For tf.nn.l2_loss, tf.contrib.layers.l1_regularizer, tf.contrib.layers.l2_regularizer and tf.contrib.layers.sum_regularizer, see TensorFlow API.

Maxnorm

tensorlayer.cost.maxnorm_regularizer(scale=1.0, scope=None)[source]

Max-norm regularization returns a function that can be used to apply max-norm regularization to weights. About max-norm: wiki.

The implementation follows TensorFlow contrib.

Parameters:
scale : float

A scalar multiplier Tensor. 0.0 disables the regularizer.

scope: An optional scope name.
Returns:
A function with signature `mn(weights, name=None)` that apply Lo regularization.
Raises:
ValueError : If scale is outside of the range [0.0, 1.0] or if scale is not a float.

Special

tensorlayer.cost.li_regularizer(scale, scope=None)[source]

li regularization removes the neurons of previous layer, i represents inputs.

Returns a function that can be used to apply group li regularization to weights.

The implementation follows TensorFlow contrib.

Parameters:
scale : float

A scalar multiplier Tensor. 0.0 disables the regularizer.

scope: An optional scope name for TF12+.
Returns:
A function with signature `li(weights, name=None)` that apply Li regularization.
Raises:
ValueError : if scale is outside of the range [0.0, 1.0] or if scale is not a float.
tensorlayer.cost.lo_regularizer(scale, scope=None)[source]

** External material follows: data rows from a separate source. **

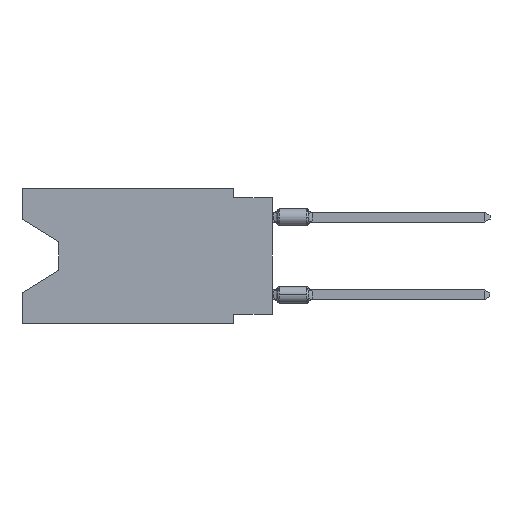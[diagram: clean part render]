
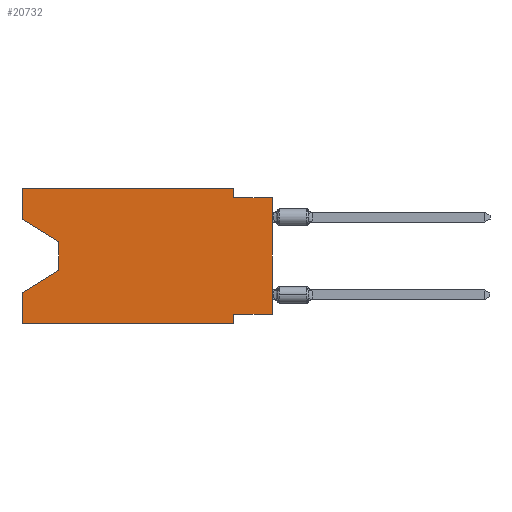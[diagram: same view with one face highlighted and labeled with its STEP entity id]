
A CAD part, left-side view. The second image highlights one B-rep face of the part: STEP entity #20732.
In plain terms, the highlighted planar face has unit normal (-1, 0, 0).
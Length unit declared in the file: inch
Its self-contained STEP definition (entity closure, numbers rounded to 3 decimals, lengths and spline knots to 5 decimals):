
#226 = CARTESIAN_POINT ( 'NONE',  ( 0., 0.1, -0.35 ) ) ;
#318 = LINE ( 'NONE', #9425, #13869 ) ;
#330 = LINE ( 'NONE', #23256, #6526 ) ;
#856 = EDGE_CURVE ( 'NONE', #12084, #20970, #318, .T. ) ;
#1134 = ORIENTED_EDGE ( 'NONE', *, *, #16072, .T. ) ;
#1196 = VECTOR ( 'NONE', #19495, 39.37008 ) ;
#1309 = CARTESIAN_POINT ( 'NONE',  ( 0., 0.55, -0.212 ) ) ;
#1514 = VECTOR ( 'NONE', #25624, 39.37008 ) ;
#1597 = CARTESIAN_POINT ( 'NONE',  ( 0., 0.55, -0.138 ) ) ;
#2020 = ORIENTED_EDGE ( 'NONE', *, *, #13922, .F. ) ;
#2694 = VECTOR ( 'NONE', #11086, 39.37008 ) ;
#2891 = DIRECTION ( 'NONE',  ( 0., 0., 1. ) ) ;
#3900 = VECTOR ( 'NONE', #18165, 39.37008 ) ;
#4437 = ORIENTED_EDGE ( 'NONE', *, *, #6137, .T. ) ;
#4848 = LINE ( 'NONE', #226, #22585 ) ;
#4886 = VERTEX_POINT ( 'NONE', #15136 ) ;
#5047 = EDGE_CURVE ( 'NONE', #11551, #13880, #15594, .T. ) ;
#5419 = CARTESIAN_POINT ( 'NONE',  ( 0., 0.645, 0. ) ) ;
#5496 = EDGE_CURVE ( 'NONE', #18941, #4886, #27695, .T. ) ;
#6137 = EDGE_CURVE ( 'NONE', #6393, #21999, #13539, .T. ) ;
#6333 = EDGE_CURVE ( 'NONE', #18941, #14355, #8129, .T. ) ;
#6393 = VERTEX_POINT ( 'NONE', #12887 ) ;
#6526 = VECTOR ( 'NONE', #20440, 39.37008 ) ;
#8006 = DIRECTION ( 'NONE',  ( 1., 0., 0. ) ) ;
#8129 = LINE ( 'NONE', #10205, #13457 ) ;
#8265 = LINE ( 'NONE', #10797, #11280 ) ;
#8493 = ORIENTED_EDGE ( 'NONE', *, *, #8763, .F. ) ;
#8708 = LINE ( 'NONE', #29246, #2694 ) ;
#8763 = EDGE_CURVE ( 'NONE', #6393, #21837, #16499, .T. ) ;
#9338 = DIRECTION ( 'NONE',  ( 0., 0., -1. ) ) ;
#9425 = CARTESIAN_POINT ( 'NONE',  ( 0., 0.1, 0. ) ) ;
#9585 = VECTOR ( 'NONE', #29248, 39.37008 ) ;
#10205 = CARTESIAN_POINT ( 'NONE',  ( 0., 0.645, 0. ) ) ;
#10797 = CARTESIAN_POINT ( 'NONE',  ( 0., 0.645, 0. ) ) ;
#11086 = DIRECTION ( 'NONE',  ( 0., 0.855, -0.519 ) ) ;
#11280 = VECTOR ( 'NONE', #24644, 39.37008 ) ;
#11527 = CARTESIAN_POINT ( 'NONE',  ( 0., 0.1, -0.025 ) ) ;
#11551 = VERTEX_POINT ( 'NONE', #14159 ) ;
#12025 = VERTEX_POINT ( 'NONE', #12751 ) ;
#12084 = VERTEX_POINT ( 'NONE', #19591 ) ;
#12751 = CARTESIAN_POINT ( 'NONE',  ( 0., 0., -0.025 ) ) ;
#12887 = CARTESIAN_POINT ( 'NONE',  ( 0., 0.645, -0.08025 ) ) ;
#13457 = VECTOR ( 'NONE', #28507, 39.37008 ) ;
#13539 = LINE ( 'NONE', #24712, #3900 ) ;
#13677 = ORIENTED_EDGE ( 'NONE', *, *, #27982, .F. ) ;
#13869 = VECTOR ( 'NONE', #18527, 39.37008 ) ;
#13880 = VERTEX_POINT ( 'NONE', #24006 ) ;
#13922 = EDGE_CURVE ( 'NONE', #20970, #12025, #26129, .T. ) ;
#14159 = CARTESIAN_POINT ( 'NONE',  ( 0., 0., -0.325 ) ) ;
#14355 = VERTEX_POINT ( 'NONE', #19683 ) ;
#14994 = FACE_OUTER_BOUND ( 'NONE', #23796, .T. ) ;
#15136 = CARTESIAN_POINT ( 'NONE',  ( 0., 0.1, -0.35 ) ) ;
#15162 = ORIENTED_EDGE ( 'NONE', *, *, #28124, .T. ) ;
#15594 = LINE ( 'NONE', #24775, #9585 ) ;
#16044 = VECTOR ( 'NONE', #19580, 39.37008 ) ;
#16072 = EDGE_CURVE ( 'NONE', #21999, #29130, #23784, .T. ) ;
#16265 = CARTESIAN_POINT ( 'NONE',  ( 0., 0.645, -0.35 ) ) ;
#16290 = EDGE_CURVE ( 'NONE', #13880, #4886, #4848, .T. ) ;
#16499 = LINE ( 'NONE', #5419, #20470 ) ;
#17390 = CARTESIAN_POINT ( 'NONE',  ( 0., 0.55, -0.138 ) ) ;
#17677 = PLANE ( 'NONE',  #22752 ) ;
#17972 = ORIENTED_EDGE ( 'NONE', *, *, #6333, .F. ) ;
#18165 = DIRECTION ( 'NONE',  ( 0., -0.855, -0.519 ) ) ;
#18527 = DIRECTION ( 'NONE',  ( 0., 0., -1. ) ) ;
#18941 = VERTEX_POINT ( 'NONE', #21852 ) ;
#19005 = ORIENTED_EDGE ( 'NONE', *, *, #856, .F. ) ;
#19495 = DIRECTION ( 'NONE',  ( 0., 0., -1. ) ) ;
#19580 = DIRECTION ( 'NONE',  ( 0., -1., 0. ) ) ;
#19591 = CARTESIAN_POINT ( 'NONE',  ( 0., 0.1, 0. ) ) ;
#19683 = CARTESIAN_POINT ( 'NONE',  ( 0., 0.645, -0.26975 ) ) ;
#19812 = ORIENTED_EDGE ( 'NONE', *, *, #5047, .F. ) ;
#20440 = DIRECTION ( 'NONE',  ( 0., 0., 1. ) ) ;
#20470 = VECTOR ( 'NONE', #2891, 39.37008 ) ;
#20732 = ADVANCED_FACE ( 'NONE', ( #14994 ), #17677, .F. ) ;
#20970 = VERTEX_POINT ( 'NONE', #11527 ) ;
#21837 = VERTEX_POINT ( 'NONE', #28209 ) ;
#21852 = CARTESIAN_POINT ( 'NONE',  ( 0., 0.645, -0.35 ) ) ;
#21958 = CARTESIAN_POINT ( 'NONE',  ( 0., 0.645, 0. ) ) ;
#21999 = VERTEX_POINT ( 'NONE', #17390 ) ;
#22585 = VECTOR ( 'NONE', #9338, 39.37008 ) ;
#22752 = AXIS2_PLACEMENT_3D ( 'NONE', #21958, #8006, #24206 ) ;
#23256 = CARTESIAN_POINT ( 'NONE',  ( 0., 0., 0. ) ) ;
#23784 = LINE ( 'NONE', #1597, #1196 ) ;
#23796 = EDGE_LOOP ( 'NONE', ( #4437, #1134, #28269, #17972, #24528, #26965, #19812, #15162, #2020, #19005, #13677, #8493 ) ) ;
#24006 = CARTESIAN_POINT ( 'NONE',  ( 0., 0.1, -0.325 ) ) ;
#24206 = DIRECTION ( 'NONE',  ( 0., 0., -1. ) ) ;
#24528 = ORIENTED_EDGE ( 'NONE', *, *, #5496, .T. ) ;
#24644 = DIRECTION ( 'NONE',  ( 0., -1., 0. ) ) ;
#24712 = CARTESIAN_POINT ( 'NONE',  ( 0., 0.645, -0.08025 ) ) ;
#24775 = CARTESIAN_POINT ( 'NONE',  ( 0., 0., -0.325 ) ) ;
#25624 = DIRECTION ( 'NONE',  ( 0., -1., 0. ) ) ;
#26129 = LINE ( 'NONE', #26578, #16044 ) ;
#26578 = CARTESIAN_POINT ( 'NONE',  ( 0., 0., -0.025 ) ) ;
#26965 = ORIENTED_EDGE ( 'NONE', *, *, #16290, .F. ) ;
#27695 = LINE ( 'NONE', #16265, #1514 ) ;
#27963 = EDGE_CURVE ( 'NONE', #29130, #14355, #8708, .T. ) ;
#27982 = EDGE_CURVE ( 'NONE', #21837, #12084, #8265, .T. ) ;
#28124 = EDGE_CURVE ( 'NONE', #11551, #12025, #330, .T. ) ;
#28209 = CARTESIAN_POINT ( 'NONE',  ( 0., 0.645, 0. ) ) ;
#28269 = ORIENTED_EDGE ( 'NONE', *, *, #27963, .T. ) ;
#28507 = DIRECTION ( 'NONE',  ( 0., 0., 1. ) ) ;
#29130 = VERTEX_POINT ( 'NONE', #1309 ) ;
#29246 = CARTESIAN_POINT ( 'NONE',  ( 0., 0.55, -0.212 ) ) ;
#29248 = DIRECTION ( 'NONE',  ( 0., 1., 0. ) ) ;

lo regularization removes the neurons of current layer, o represents outputs

Returns a function that can be used to apply group lo regularization to weights.

The implementation follows TensorFlow contrib.

Parameters:
scale : float

A scalar multiplier Tensor. 0.0 disables the regularizer.

scope: An optional scope name for TF12+.
Returns:
A function with signature `lo(weights, name=None)` that apply Lo regularization.
Raises:
ValueError : If scale is outside of the range [0.0, 1.0] or if scale is not a float.
tensorlayer.cost.maxnorm_o_regularizer(scale, scope)[source]

Max-norm output regularization removes the neurons of current layer.

Returns a function that can be used to apply max-norm regularization to each column of weight matrix.

The implementation follows TensorFlow contrib.

Parameters:
scale : float

A scalar multiplier Tensor. 0.0 disables the regularizer.

scope: An optional scope name.
Returns:
A function with signature `mn_o(weights, name=None)` that apply Lo regularization.
Raises:
ValueError : If scale is outside of the range [0.0, 1.0] or if scale is not a float.
tensorlayer.cost.maxnorm_i_regularizer(scale, scope=None)[source]

Max-norm input regularization removes the neurons of previous layer.

Returns a function that can be used to apply max-norm regularization to each row of weight matrix.

The implementation follows TensorFlow contrib.

Parameters:
scale : float

A scalar multiplier Tensor. 0.0 disables the regularizer.

scope: An optional scope name.
Returns:
A function with signature `mn_i(weights, name=None)` that apply Lo regularization.
Raises:
ValueError : If scale is outside of the range [0.0, 1.0] or if scale is not a float.